CAMBRIDGE, Mass.—Researchers from the Massachusetts Institute of Technology (MIT) and Harvard University have described a new algorithm that offers a significant reduction in the amount of time required to locate a particular gene sequence in a genome database. Not only that, but the algorithm offers greater speedup the more genomes it's searching. The development has the potential to offer some relief, given that genome sequencing is becoming a staple in research, with a full-genome sequencing now able to be completed in a couple of weeks. Though the rate at which genomes can be sequenced has been doubling roughly every four months since 2002, the computing power for such sequencing has only been doubling roughly every 18 months.
"You have all this data, and clearly, if you want to store it, what people would naturally do is compress it," Bonnie Berger, a professor of applied math and computer science at MIT and senior author on the paper, said in a press release. "The problem is that eventually you have to look at it, so you have to decompress it to look at it. But our insight is that if you compress the data in the right way, then you can do your analysis directly on the compressed data. And that increases the speed while maintaining the accuracy of the analyses."  
The algorithm takes advantage of the fact that there is often extensive overlap in the genomes of closely related species, and even some overlap in distantly related ones. Berger, Michael Baym, Ph.D., and Po-Ru Loh, her former and current grad students respectively, developed a way to mathematically represent different species' genomes so that overlapping data is only stored once. This allows searches of multiple genomes to focus on the differences between the genomes and save time.  
When the team experimented on a database of 36 yeast genomes, they compared their new algorithm to BLAST, the Basic Local Alignment Search Tool, which is one of the most commonly used genomic-search algorithms in biology. The experiment saw the new algorithm performing twice as fast as BLAST in a search of 10 genomes, and four times as fast in a search of all 36 genomes.

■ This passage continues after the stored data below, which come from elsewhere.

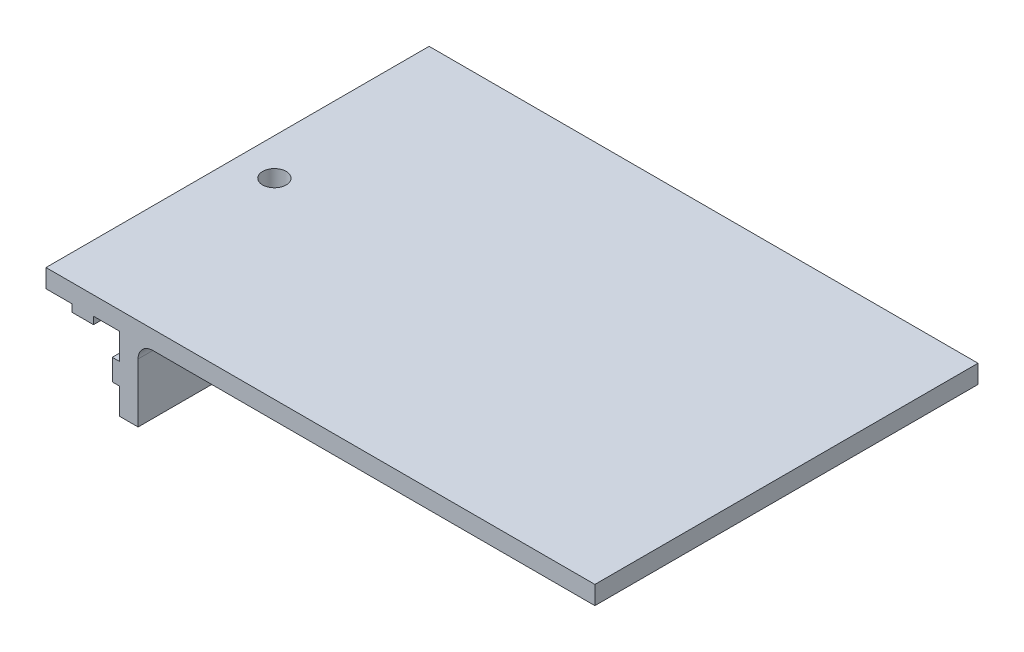
ISO-10303-21;
HEADER;
FILE_DESCRIPTION(('STEP AP214'),'2;1');
FILE_NAME('part.step','',(''),(''),'','','');
FILE_SCHEMA(('AUTOMOTIVE_DESIGN { 1 0 10303 214 1 1 1 1 }'));
ENDSEC;
DATA;
#1=APPLICATION_CONTEXT('core data for automotive mechanical design processes');
#2=APPLICATION_PROTOCOL_DEFINITION('international standard','automotive_design',2000,#1);
#3=PRODUCT_CONTEXT('',#1,'mechanical');
#4=PRODUCT('Part','Part','',(#3));
#5=PRODUCT_RELATED_PRODUCT_CATEGORY('part','',(#4));
#6=PRODUCT_DEFINITION_FORMATION('','',#4);
#7=PRODUCT_DEFINITION_CONTEXT('part definition',#1,'design');
#8=PRODUCT_DEFINITION('design','',#6,#7);
#9=PRODUCT_DEFINITION_SHAPE('','',#8);
#10=(LENGTH_UNIT() NAMED_UNIT(*) SI_UNIT(.MILLI.,.METRE.));
#11=(NAMED_UNIT(*) PLANE_ANGLE_UNIT() SI_UNIT($,.RADIAN.));
#12=(NAMED_UNIT(*) SI_UNIT($,.STERADIAN.) SOLID_ANGLE_UNIT());
#13=UNCERTAINTY_MEASURE_WITH_UNIT(LENGTH_MEASURE(1.E-05),#10,'distance_accuracy_value','');
#14=(GEOMETRIC_REPRESENTATION_CONTEXT(3) GLOBAL_UNCERTAINTY_ASSIGNED_CONTEXT((#13)) GLOBAL_UNIT_ASSIGNED_CONTEXT((#10,
#11,#12)) REPRESENTATION_CONTEXT('',''));
#15=CARTESIAN_POINT('',(0.,0.,0.));
#16=DIRECTION('',(0.,0.,1.));
#17=DIRECTION('',(1.,0.,0.));
#18=AXIS2_PLACEMENT_3D('',#15,#16,#17);
#19=CARTESIAN_POINT('',(-8.95,0.,26.));
#20=DIRECTION('',(1.,0.,0.));
#21=DIRECTION('',(0.,0.,-1.));
#22=AXIS2_PLACEMENT_3D('',#19,#20,#21);
#23=PLANE('',#22);
#24=DIRECTION('',(0.,0.,-1.));
#25=VECTOR('',#24,1.);
#26=CARTESIAN_POINT('',(-8.95,-1.00000000000001,26.));
#27=LINE('',#26,#25);
#28=CARTESIAN_POINT('',(-8.95,-1.00000000000001,-0.67638746292342));
#29=VERTEX_POINT('',#28);
#30=CARTESIAN_POINT('',(-8.95,-1.00000000000001,-26.));
#31=VERTEX_POINT('',#30);
#32=EDGE_CURVE('E225',#29,#31,#27,.T.);
#33=ORIENTED_EDGE('',*,*,#32,.F.);
#34=DIRECTION('',(0.,1.,0.));
#35=VECTOR('',#34,1.);
#36=CARTESIAN_POINT('',(-8.95,-10.,-0.676387462923418));
#37=LINE('',#36,#35);
#38=CARTESIAN_POINT('',(-8.95,0.,-0.676387462923418));
#39=VERTEX_POINT('',#38);
#40=EDGE_CURVE('E491',#29,#39,#37,.T.);
#41=ORIENTED_EDGE('',*,*,#40,.T.);
#42=DIRECTION('',(0.,0.,-1.));
#43=VECTOR('',#42,1.);
#44=CARTESIAN_POINT('',(-8.95,0.,26.));
#45=LINE('',#44,#43);
#46=CARTESIAN_POINT('',(-8.95,0.,-26.));
#47=VERTEX_POINT('',#46);
#48=EDGE_CURVE('E229',#39,#47,#45,.T.);
#49=ORIENTED_EDGE('',*,*,#48,.T.);
#50=DIRECTION('',(0.,-1.,0.));
#51=VECTOR('',#50,1.);
#52=CARTESIAN_POINT('',(-8.95,0.,-26.));
#53=LINE('',#52,#51);
#54=EDGE_CURVE('E368',#47,#31,#53,.T.);
#55=ORIENTED_EDGE('',*,*,#54,.T.);
#56=EDGE_LOOP('',(#33,#41,#49,#55));
#57=FACE_BOUND('',#56,.T.);
#58=ADVANCED_FACE('F33',(#57),#23,.F.);
#59=CARTESIAN_POINT('',(-8.95,-1.00000000000001,26.));
#60=DIRECTION('',(0.,1.,0.));
#61=DIRECTION('',(0.,0.,1.));
#62=AXIS2_PLACEMENT_3D('',#59,#60,#61);
#63=PLANE('',#62);
#64=DIRECTION('',(0.,0.,-1.));
#65=VECTOR('',#64,1.);
#66=CARTESIAN_POINT('',(-6.05,-1.00000000000001,26.));
#67=LINE('',#66,#65);
#68=CARTESIAN_POINT('',(-6.04999999999999,-1.00000000000001,-0.676387462923421));
#69=VERTEX_POINT('',#68);
#70=CARTESIAN_POINT('',(-6.05,-1.00000000000001,-26.));
#71=VERTEX_POINT('',#70);
#72=EDGE_CURVE('E217',#69,#71,#67,.T.);
#73=ORIENTED_EDGE('',*,*,#72,.F.);
#74=CARTESIAN_POINT('',(-7.5,-1.00000000000001,0.));
#75=DIRECTION('',(0.,1.,0.));
#76=DIRECTION('',(0.,0.,1.));
#77=AXIS2_PLACEMENT_3D('',#74,#75,#76);
#78=CIRCLE('',#77,1.6);
#79=EDGE_CURVE('E386',#69,#29,#78,.T.);
#80=ORIENTED_EDGE('',*,*,#79,.T.);
#81=ORIENTED_EDGE('',*,*,#32,.T.);
#82=DIRECTION('',(1.,0.,0.));
#83=VECTOR('',#82,1.);
#84=CARTESIAN_POINT('',(-8.95,-1.00000000000001,-26.));
#85=LINE('',#84,#83);
#86=EDGE_CURVE('E371',#31,#71,#85,.T.);
#87=ORIENTED_EDGE('',*,*,#86,.T.);
#88=EDGE_LOOP('',(#73,#80,#81,#87));
#89=FACE_BOUND('',#88,.T.);
#90=ADVANCED_FACE('F384',(#89),#63,.F.);
#91=CARTESIAN_POINT('',(-6.05,-1.00000000000001,26.));
#92=DIRECTION('',(-1.,0.,0.));
#93=DIRECTION('',(0.,-1.,0.));
#94=AXIS2_PLACEMENT_3D('',#91,#92,#93);
#95=PLANE('',#94);
#96=CARTESIAN_POINT('',(-6.05,-1.00000000000001,26.));
#97=VERTEX_POINT('',#96);
#98=CARTESIAN_POINT('',(-6.04999999999999,-1.00000000000001,0.676387462923421));
#99=VERTEX_POINT('',#98);
#100=EDGE_CURVE('E211',#97,#99,#67,.T.);
#101=ORIENTED_EDGE('',*,*,#100,.T.);
#102=DIRECTION('',(0.,1.,0.));
#103=VECTOR('',#102,1.);
#104=CARTESIAN_POINT('',(-6.04999999999999,-10.,0.676387462923421));
#105=LINE('',#104,#103);
#106=CARTESIAN_POINT('',(-6.05,0.,0.676387462923439));
#107=VERTEX_POINT('',#106);
#108=EDGE_CURVE('E198',#99,#107,#105,.T.);
#109=ORIENTED_EDGE('',*,*,#108,.T.);
#110=DIRECTION('',(0.,0.,-1.));
#111=VECTOR('',#110,1.);
#112=CARTESIAN_POINT('',(-6.05,0.,26.));
#113=LINE('',#112,#111);
#114=CARTESIAN_POINT('',(-6.05,0.,26.));
#115=VERTEX_POINT('',#114);
#116=EDGE_CURVE('E208',#115,#107,#113,.T.);
#117=ORIENTED_EDGE('',*,*,#116,.F.);
#118=DIRECTION('',(0.,1.,0.));
#119=VECTOR('',#118,1.);
#120=CARTESIAN_POINT('',(-6.05,-1.00000000000001,26.));
#121=LINE('',#120,#119);
#122=EDGE_CURVE('E422',#97,#115,#121,.T.);
#123=ORIENTED_EDGE('',*,*,#122,.F.);
#124=EDGE_LOOP('',(#101,#109,#117,#123));
#125=FACE_BOUND('',#124,.T.);
#126=ADVANCED_FACE('F206',(#125),#95,.F.);
#127=CARTESIAN_POINT('',(-2.5,-3.55000000000001,26.));
#128=DIRECTION('',(0.,-1.,0.));
#129=DIRECTION('',(0.,0.,-1.));
#130=AXIS2_PLACEMENT_3D('',#127,#128,#129);
#131=PLANE('',#130);
#132=DIRECTION('',(0.,0.,-1.));
#133=VECTOR('',#132,1.);
#134=CARTESIAN_POINT('',(-3.5,-3.55000000000001,26.));
#135=LINE('',#134,#133);
#136=CARTESIAN_POINT('',(-3.5,-3.55000000000001,-0.676387462923449));
#137=VERTEX_POINT('',#136);
#138=CARTESIAN_POINT('',(-3.5,-3.55000000000001,-26.));
#139=VERTEX_POINT('',#138);
#140=EDGE_CURVE('E300',#137,#139,#135,.T.);
#141=ORIENTED_EDGE('',*,*,#140,.F.);
#142=DIRECTION('',(1.,0.,0.));
#143=VECTOR('',#142,1.);
#144=CARTESIAN_POINT('',(-12.5,-3.55000000000001,-0.676387462923447));
#145=LINE('',#144,#143);
#146=CARTESIAN_POINT('',(-2.5,-3.55000000000001,-0.676387462923447));
#147=VERTEX_POINT('',#146);
#148=EDGE_CURVE('E321',#137,#147,#145,.T.);
#149=ORIENTED_EDGE('',*,*,#148,.T.);
#150=DIRECTION('',(0.,0.,-1.));
#151=VECTOR('',#150,1.);
#152=CARTESIAN_POINT('',(-2.5,-3.55000000000001,26.));
#153=LINE('',#152,#151);
#154=CARTESIAN_POINT('',(-2.5,-3.55000000000001,-26.));
#155=VERTEX_POINT('',#154);
#156=EDGE_CURVE('E303',#147,#155,#153,.T.);
#157=ORIENTED_EDGE('',*,*,#156,.T.);
#158=DIRECTION('',(-1.,0.,0.));
#159=VECTOR('',#158,1.);
#160=CARTESIAN_POINT('',(-2.5,-3.55000000000001,-26.));
#161=LINE('',#160,#159);
#162=EDGE_CURVE('E319',#155,#139,#161,.T.);
#163=ORIENTED_EDGE('',*,*,#162,.T.);
#164=EDGE_LOOP('',(#141,#149,#157,#163));
#165=FACE_BOUND('',#164,.T.);
#166=ADVANCED_FACE('F317',(#165),#131,.F.);
#167=CARTESIAN_POINT('',(-3.5,-3.55000000000001,26.));
#168=DIRECTION('',(1.,0.,0.));
#169=DIRECTION('',(0.,0.,-1.));
#170=AXIS2_PLACEMENT_3D('',#167,#168,#169);
#171=PLANE('',#170);
#172=CARTESIAN_POINT('',(-3.5,-3.55000000000001,26.));
#173=VERTEX_POINT('',#172);
#174=CARTESIAN_POINT('',(-3.5,-3.55000000000001,0.676387462923449));
#175=VERTEX_POINT('',#174);
#176=EDGE_CURVE('E301',#173,#175,#135,.T.);
#177=ORIENTED_EDGE('',*,*,#176,.T.);
#178=CARTESIAN_POINT('',(-3.5,-5.,0.));
#179=DIRECTION('',(1.,0.,0.));
#180=DIRECTION('',(0.,0.,-1.));
#181=AXIS2_PLACEMENT_3D('',#178,#179,#180);
#182=CIRCLE('',#181,1.6);
#183=CARTESIAN_POINT('',(-3.5,-6.44999999999999,0.676387462923449));
#184=VERTEX_POINT('',#183);
#185=EDGE_CURVE('E448',#175,#184,#182,.T.);
#186=ORIENTED_EDGE('',*,*,#185,.T.);
#187=DIRECTION('',(0.,0.,-1.));
#188=VECTOR('',#187,1.);
#189=CARTESIAN_POINT('',(-3.5,-6.45,26.));
#190=LINE('',#189,#188);
#191=CARTESIAN_POINT('',(-3.5,-6.45,26.));
#192=VERTEX_POINT('',#191);
#193=EDGE_CURVE('E297',#192,#184,#190,.T.);
#194=ORIENTED_EDGE('',*,*,#193,.F.);
#195=DIRECTION('',(0.,-1.,0.));
#196=VECTOR('',#195,1.);
#197=CARTESIAN_POINT('',(-3.5,-3.55000000000001,26.));
#198=LINE('',#197,#196);
#199=EDGE_CURVE('E429',#173,#192,#198,.T.);
#200=ORIENTED_EDGE('',*,*,#199,.F.);
#201=EDGE_LOOP('',(#177,#186,#194,#200));
#202=FACE_BOUND('',#201,.T.);
#203=ADVANCED_FACE('F460',(#202),#171,.F.);
#204=CARTESIAN_POINT('',(-3.5,-6.45,26.));
#205=DIRECTION('',(0.,1.,0.));
#206=DIRECTION('',(-1.,0.,0.));
#207=AXIS2_PLACEMENT_3D('',#204,#205,#206);
#208=PLANE('',#207);
#209=ORIENTED_EDGE('',*,*,#193,.T.);
#210=DIRECTION('',(1.,0.,0.));
#211=VECTOR('',#210,1.);
#212=CARTESIAN_POINT('',(-12.5,-6.44999999999999,0.676387462923449));
#213=LINE('',#212,#211);
#214=CARTESIAN_POINT('',(-2.5,-6.45,0.676387462923429));
#215=VERTEX_POINT('',#214);
#216=EDGE_CURVE('E437',#184,#215,#213,.T.);
#217=ORIENTED_EDGE('',*,*,#216,.T.);
#218=DIRECTION('',(0.,0.,-1.));
#219=VECTOR('',#218,1.);
#220=CARTESIAN_POINT('',(-2.5,-6.45,26.));
#221=LINE('',#220,#219);
#222=CARTESIAN_POINT('',(-2.5,-6.45,26.));
#223=VERTEX_POINT('',#222);
#224=EDGE_CURVE('E293',#223,#215,#221,.T.);
#225=ORIENTED_EDGE('',*,*,#224,.F.);
#226=DIRECTION('',(1.,0.,0.));
#227=VECTOR('',#226,1.);
#228=CARTESIAN_POINT('',(-3.5,-6.45,26.));
#229=LINE('',#228,#227);
#230=EDGE_CURVE('E353',#192,#223,#229,.T.);
#231=ORIENTED_EDGE('',*,*,#230,.F.);
#232=EDGE_LOOP('',(#209,#217,#225,#231));
#233=FACE_BOUND('',#232,.T.);
#234=ADVANCED_FACE('F436',(#233),#208,.F.);
#235=CARTESIAN_POINT('',(62.,0.,26.));
#236=DIRECTION('',(0.,1.,0.));
#237=DIRECTION('',(-1.,0.,0.));
#238=AXIS2_PLACEMENT_3D('',#235,#236,#237);
#239=PLANE('',#238);
#240=DIRECTION('',(1.,0.,0.));
#241=VECTOR('',#240,1.);
#242=CARTESIAN_POINT('',(62.,0.,26.));
#243=LINE('',#242,#241);
#244=CARTESIAN_POINT('',(2.,0.,26.));
#245=VERTEX_POINT('',#244);
#246=CARTESIAN_POINT('',(62.,0.,26.));
#247=VERTEX_POINT('',#246);
#248=EDGE_CURVE('E256',#245,#247,#243,.T.);
#249=ORIENTED_EDGE('',*,*,#248,.F.);
#250=DIRECTION('',(0.,0.,-1.));
#251=VECTOR('',#250,1.);
#252=CARTESIAN_POINT('',(2.,0.,-26.));
#253=LINE('',#252,#251);
#254=CARTESIAN_POINT('',(2.,0.,-26.));
#255=VERTEX_POINT('',#254);
#256=EDGE_CURVE('E245',#245,#255,#253,.T.);
#257=ORIENTED_EDGE('',*,*,#256,.T.);
#258=DIRECTION('',(1.,0.,0.));
#259=VECTOR('',#258,1.);
#260=CARTESIAN_POINT('',(62.,0.,-26.));
#261=LINE('',#260,#259);
#262=CARTESIAN_POINT('',(62.,0.,-26.));
#263=VERTEX_POINT('',#262);
#264=EDGE_CURVE('E276',#255,#263,#261,.T.);
#265=ORIENTED_EDGE('',*,*,#264,.T.);
#266=DIRECTION('',(0.,0.,-1.));
#267=VECTOR('',#266,1.);
#268=CARTESIAN_POINT('',(62.,0.,26.));
#269=LINE('',#268,#267);
#270=EDGE_CURVE('E242',#247,#263,#269,.T.);
#271=ORIENTED_EDGE('',*,*,#270,.F.);
#272=EDGE_LOOP('',(#249,#257,#265,#271));
#273=FACE_BOUND('',#272,.T.);
#274=ADVANCED_FACE('F265',(#273),#239,.F.);
#275=CARTESIAN_POINT('',(62.,0.,26.));
#276=DIRECTION('',(-1.,0.,0.));
#277=DIRECTION('',(0.,0.,1.));
#278=AXIS2_PLACEMENT_3D('',#275,#276,#277);
#279=PLANE('',#278);
#280=DIRECTION('',(0.,1.,0.));
#281=VECTOR('',#280,1.);
#282=CARTESIAN_POINT('',(62.,0.,-26.));
#283=LINE('',#282,#281);
#284=CARTESIAN_POINT('',(62.,2.5,-26.));
#285=VERTEX_POINT('',#284);
#286=EDGE_CURVE('E358',#263,#285,#283,.T.);
#287=ORIENTED_EDGE('',*,*,#286,.T.);
#288=DIRECTION('',(0.,0.,-1.));
#289=VECTOR('',#288,1.);
#290=CARTESIAN_POINT('',(62.,2.5,26.));
#291=LINE('',#290,#289);
#292=CARTESIAN_POINT('',(62.,2.5,26.));
#293=VERTEX_POINT('',#292);
#294=EDGE_CURVE('E239',#293,#285,#291,.T.);
#295=ORIENTED_EDGE('',*,*,#294,.F.);
#296=DIRECTION('',(0.,1.,0.));
#297=VECTOR('',#296,1.);
#298=CARTESIAN_POINT('',(62.,0.,26.));
#299=LINE('',#298,#297);
#300=EDGE_CURVE('E267',#247,#293,#299,.T.);
#301=ORIENTED_EDGE('',*,*,#300,.F.);
#302=ORIENTED_EDGE('',*,*,#270,.T.);
#303=EDGE_LOOP('',(#287,#295,#301,#302));
#304=FACE_BOUND('',#303,.T.);
#305=ADVANCED_FACE('F411',(#304),#279,.F.);
#306=CARTESIAN_POINT('',(62.,2.5,26.));
#307=DIRECTION('',(0.,-1.,0.));
#308=DIRECTION('',(1.,0.,0.));
#309=AXIS2_PLACEMENT_3D('',#306,#307,#308);
#310=PLANE('',#309);
#311=CARTESIAN_POINT('',(-7.5,2.49999999999999,0.));
#312=DIRECTION('',(0.,1.,0.));
#313=DIRECTION('',(-1.,0.,0.));
#314=AXIS2_PLACEMENT_3D('',#311,#312,#313);
#315=CIRCLE('',#314,1.6);
#316=CARTESIAN_POINT('',(-9.1,2.49999999999999,0.));
#317=VERTEX_POINT('',#316);
#318=EDGE_CURVE('E500',#317,#317,#315,.T.);
#319=ORIENTED_EDGE('',*,*,#318,.F.);
#320=EDGE_LOOP('',(#319));
#321=FACE_BOUND('',#320,.T.);
#322=DIRECTION('',(-1.,0.,0.));
#323=VECTOR('',#322,1.);
#324=CARTESIAN_POINT('',(62.,2.5,-26.));
#325=LINE('',#324,#323);
#326=CARTESIAN_POINT('',(-12.5,2.49999999999999,-26.));
#327=VERTEX_POINT('',#326);
#328=EDGE_CURVE('E361',#285,#327,#325,.T.);
#329=ORIENTED_EDGE('',*,*,#328,.T.);
#330=DIRECTION('',(0.,0.,-1.));
#331=VECTOR('',#330,1.);
#332=CARTESIAN_POINT('',(-12.5,2.49999999999999,26.));
#333=LINE('',#332,#331);
#334=CARTESIAN_POINT('',(-12.5,2.49999999999999,26.));
#335=VERTEX_POINT('',#334);
#336=EDGE_CURVE('E236',#335,#327,#333,.T.);
#337=ORIENTED_EDGE('',*,*,#336,.F.);
#338=DIRECTION('',(-1.,0.,0.));
#339=VECTOR('',#338,1.);
#340=CARTESIAN_POINT('',(62.,2.5,26.));
#341=LINE('',#340,#339);
#342=EDGE_CURVE('E408',#293,#335,#341,.T.);
#343=ORIENTED_EDGE('',*,*,#342,.F.);
#344=ORIENTED_EDGE('',*,*,#294,.T.);
#345=EDGE_LOOP('',(#329,#337,#343,#344));
#346=FACE_BOUND('',#345,.T.);
#347=ADVANCED_FACE('F407',(#321,#346),#310,.F.);
#348=CARTESIAN_POINT('',(-12.5,2.49999999999999,26.));
#349=DIRECTION('',(1.,0.,0.));
#350=DIRECTION('',(0.,1.,0.));
#351=AXIS2_PLACEMENT_3D('',#348,#349,#350);
#352=PLANE('',#351);
#353=DIRECTION('',(0.,-1.,0.));
#354=VECTOR('',#353,1.);
#355=CARTESIAN_POINT('',(-12.5,2.49999999999999,-26.));
#356=LINE('',#355,#354);
#357=CARTESIAN_POINT('',(-12.5,0.,-26.));
#358=VERTEX_POINT('',#357);
#359=EDGE_CURVE('E363',#327,#358,#356,.T.);
#360=ORIENTED_EDGE('',*,*,#359,.T.);
#361=DIRECTION('',(0.,0.,-1.));
#362=VECTOR('',#361,1.);
#363=CARTESIAN_POINT('',(-12.5,0.,26.));
#364=LINE('',#363,#362);
#365=CARTESIAN_POINT('',(-12.5,0.,26.));
#366=VERTEX_POINT('',#365);
#367=EDGE_CURVE('E233',#366,#358,#364,.T.);
#368=ORIENTED_EDGE('',*,*,#367,.F.);
#369=DIRECTION('',(0.,-1.,0.));
#370=VECTOR('',#369,1.);
#371=CARTESIAN_POINT('',(-12.5,2.49999999999999,26.));
#372=LINE('',#371,#370);
#373=EDGE_CURVE('E403',#335,#366,#372,.T.);
#374=ORIENTED_EDGE('',*,*,#373,.F.);
#375=ORIENTED_EDGE('',*,*,#336,.T.);
#376=EDGE_LOOP('',(#360,#368,#374,#375));
#377=FACE_BOUND('',#376,.T.);
#378=ADVANCED_FACE('F402',(#377),#352,.F.);
#379=CARTESIAN_POINT('',(-12.5,0.,26.));
#380=DIRECTION('',(0.,1.,0.));
#381=DIRECTION('',(0.,0.,1.));
#382=AXIS2_PLACEMENT_3D('',#379,#380,#381);
#383=PLANE('',#382);
#384=ORIENTED_EDGE('',*,*,#48,.F.);
#385=CARTESIAN_POINT('',(-7.5,0.,0.));
#386=DIRECTION('',(0.,1.,0.));
#387=DIRECTION('',(0.,0.,1.));
#388=AXIS2_PLACEMENT_3D('',#385,#386,#387);
#389=CIRCLE('',#388,1.6);
#390=CARTESIAN_POINT('',(-8.95,0.,0.676387462923418));
#391=VERTEX_POINT('',#390);
#392=EDGE_CURVE('E490',#39,#391,#389,.T.);
#393=ORIENTED_EDGE('',*,*,#392,.T.);
#394=CARTESIAN_POINT('',(-8.95,0.,26.));
#395=VERTEX_POINT('',#394);
#396=EDGE_CURVE('E230',#395,#391,#45,.T.);
#397=ORIENTED_EDGE('',*,*,#396,.F.);
#398=DIRECTION('',(1.,0.,0.));
#399=VECTOR('',#398,1.);
#400=CARTESIAN_POINT('',(-12.5,0.,26.));
#401=LINE('',#400,#399);
#402=EDGE_CURVE('E399',#366,#395,#401,.T.);
#403=ORIENTED_EDGE('',*,*,#402,.F.);
#404=ORIENTED_EDGE('',*,*,#367,.T.);
#405=DIRECTION('',(1.,0.,0.));
#406=VECTOR('',#405,1.);
#407=CARTESIAN_POINT('',(-12.5,0.,-26.));
#408=LINE('',#407,#406);
#409=EDGE_CURVE('E365',#358,#47,#408,.T.);
#410=ORIENTED_EDGE('',*,*,#409,.T.);
#411=EDGE_LOOP('',(#384,#393,#397,#403,#404,#410));
#412=FACE_BOUND('',#411,.T.);
#413=ADVANCED_FACE('F394',(#412),#383,.F.);
#414=ORIENTED_EDGE('',*,*,#396,.T.);
#415=DIRECTION('',(0.,1.,0.));
#416=VECTOR('',#415,1.);
#417=CARTESIAN_POINT('',(-8.95,-10.,0.676387462923418));
#418=LINE('',#417,#416);
#419=CARTESIAN_POINT('',(-8.95,-1.00000000000001,0.67638746292342));
#420=VERTEX_POINT('',#419);
#421=EDGE_CURVE('E489',#391,#420,#418,.F.);
#422=ORIENTED_EDGE('',*,*,#421,.T.);
#423=CARTESIAN_POINT('',(-8.95,-1.00000000000001,26.));
#424=VERTEX_POINT('',#423);
#425=EDGE_CURVE('E226',#424,#420,#27,.T.);
#426=ORIENTED_EDGE('',*,*,#425,.F.);
#427=DIRECTION('',(0.,-1.,0.));
#428=VECTOR('',#427,1.);
#429=CARTESIAN_POINT('',(-8.95,0.,26.));
#430=LINE('',#429,#428);
#431=EDGE_CURVE('E418',#395,#424,#430,.T.);
#432=ORIENTED_EDGE('',*,*,#431,.F.);
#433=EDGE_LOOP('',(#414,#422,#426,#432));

"If I want to run a computation on my genome, it takes a certain amount of time," said Baym in a press release. "If I then want to run the same computation on your genome, the fact that we're so similar means that I've already done most of the work."  
The new algorithm is expected to have potential in a variety of applications in which researchers are looking to identify similar genomic sequences, such as the identification of microbes. It could aid researchers in determining the causes of infections, to characterize "microbiomes," to characterize microbes in fertile or infertile soil and possibly even in the study of physical evidence in forensics.  
Berger, Baym and Loh are now working to extend their technique to also work with information on proteins and RNA sequences.